End-to-end Evaluation of Practical Video Analytics Systems for Face Detection and Recognition

Praneet Singh,Edward J. Delp,Amy R. Reibman
DOI: https://doi.org/10.2352/EI.2023.35.16.AVM-111
2023-10-11
Abstract:Practical video analytics systems that are deployed in bandwidth constrained environments like autonomous vehicles perform computer vision tasks such as face detection and recognition. In an end-to-end face analytics system, inputs are first compressed using popular video codecs like HEVC and then passed onto modules that perform face detection, alignment, and recognition sequentially. Typically, the modules of these systems are evaluated independently using task-specific imbalanced datasets that can misconstrue performance estimates. In this paper, we perform a thorough end-to-end evaluation of a face analytics system using a driving-specific dataset, which enables meaningful interpretations. We demonstrate how independent task evaluations, dataset imbalances, and inconsistent annotations can lead to incorrect system performance estimates. We propose strategies to create balanced evaluation subsets of our dataset and to make its annotations consistent across multiple analytics tasks and scenarios. We then evaluate the end-to-end system performance sequentially to account for task interdependencies. Our experiments show that our approach provides consistent, accurate, and interpretable estimates of the system's performance which is critical for real-world applications.
Image and Video Processing,Computer Vision and Pattern Recognition
What problem does this paper attempt to address?

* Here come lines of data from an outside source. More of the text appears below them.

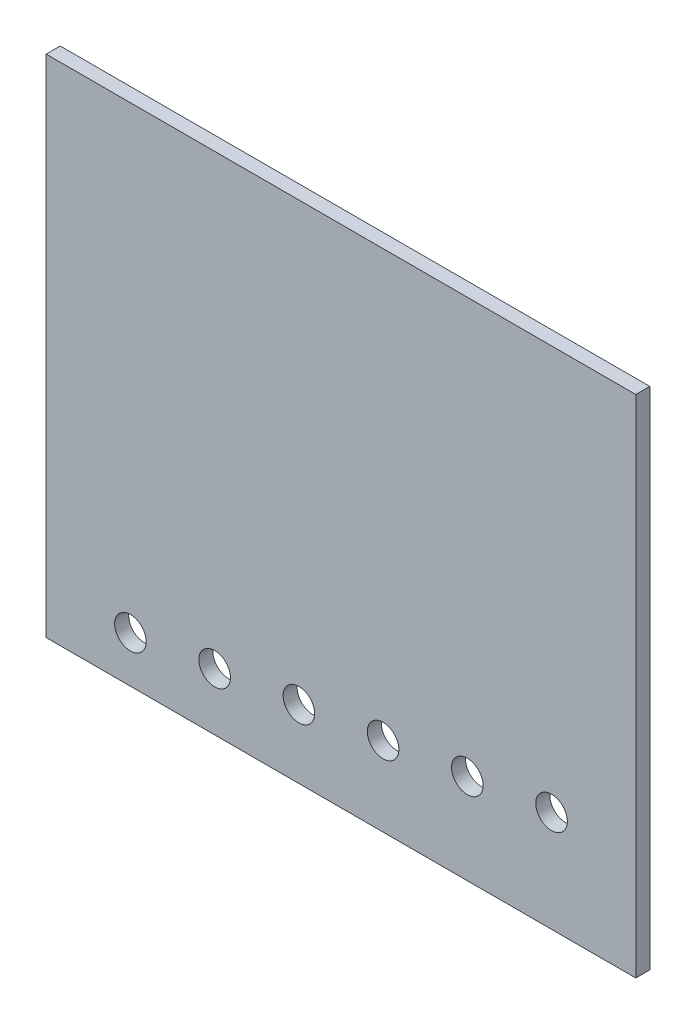
from build123d import *

# Parameters (mm, degrees)
SKETCH1_W           = 533.4
SKETCH1_H           = 457.2
BOSS_EXTRUDE4_DEPTH = 12.7
SKETCH3_R           = 14.2875
CUT_EXTRUDE2_DEPTH  = 12.7


with BuildPart() as part:
    # Sketch1 → Boss-Extrude4 (new body)
    with BuildSketch(Plane.XY):
        Rectangle(SKETCH1_W, SKETCH1_H)
    extrude(amount=BOSS_EXTRUDE4_DEPTH)

    # Sketch3 → Cut-Extrude2 (cut)
    with BuildSketch(Plane(origin=(0, 0, 0), x_dir=(-1, 0, 0), z_dir=(0, 0, -1))):
        with Locations((-190.5, -136.944186205)):
            Circle(SKETCH3_R)
        with Locations((-114.3, -146.88837241)):
            Circle(SKETCH3_R)
        with Locations((-38.1, -156.832558615)):
            Circle(SKETCH3_R)
        with Locations((38.1, -166.77674482)):
            Circle(SKETCH3_R)
        with Locations((114.3, -176.720931025)):
            Circle(SKETCH3_R)
        with Locations((190.5, -186.66511723)):
            Circle(SKETCH3_R)
    extrude(amount=-CUT_EXTRUDE2_DEPTH, mode=Mode.SUBTRACT)


solid = part.part

The paper primarily addresses video analysis systems deployed in bandwidth-constrained environments (such as autonomous vehicles), specifically focusing on tasks related to face detection and recognition, and proposes a comprehensive end-to-end evaluation method. The paper points out that in previous research, the various modules of these systems (such as compression, detection, alignment, recognition, etc.) were often evaluated independently, neglecting the interdependencies between modules. Additionally, the existing datasets used for evaluation are usually unbalanced and annotated only for specific tasks, leading to inaccurate performance estimates. To address these issues, the authors designed a face analysis system tailored for driving scenarios and proposed a comprehensive evaluation scheme based on this system. This scheme includes: 1. **Creating balanced data subsets**: By using iterative strategies to create smaller but balanced data subsets, the evaluation time complexity is reduced, and biases caused by data imbalance are eliminated. 2. **Correcting dataset annotations**: Addressing inconsistencies in manual annotations under different camera modalities and lighting conditions to ensure consistency and accuracy of annotations under all conditions. 3. **Considering interdependencies between tasks**: Taking into account the mutual influences between tasks during evaluation, for example, the performance of face detection directly affects the subsequent face recognition task. 4. **Considering resource and bandwidth constraints**: Evaluating the impact of video compression on system performance and the effectiveness of lightweight models to adapt to resource-constrained real-world application scenarios. Through these improvements, the authors demonstrate how to obtain more accurate and interpretable system performance estimates, which are crucial for real-world applications. Experimental results show that adopting these strategies can significantly improve the quality of system evaluation, especially in cases of compressed video input and the use of lightweight models.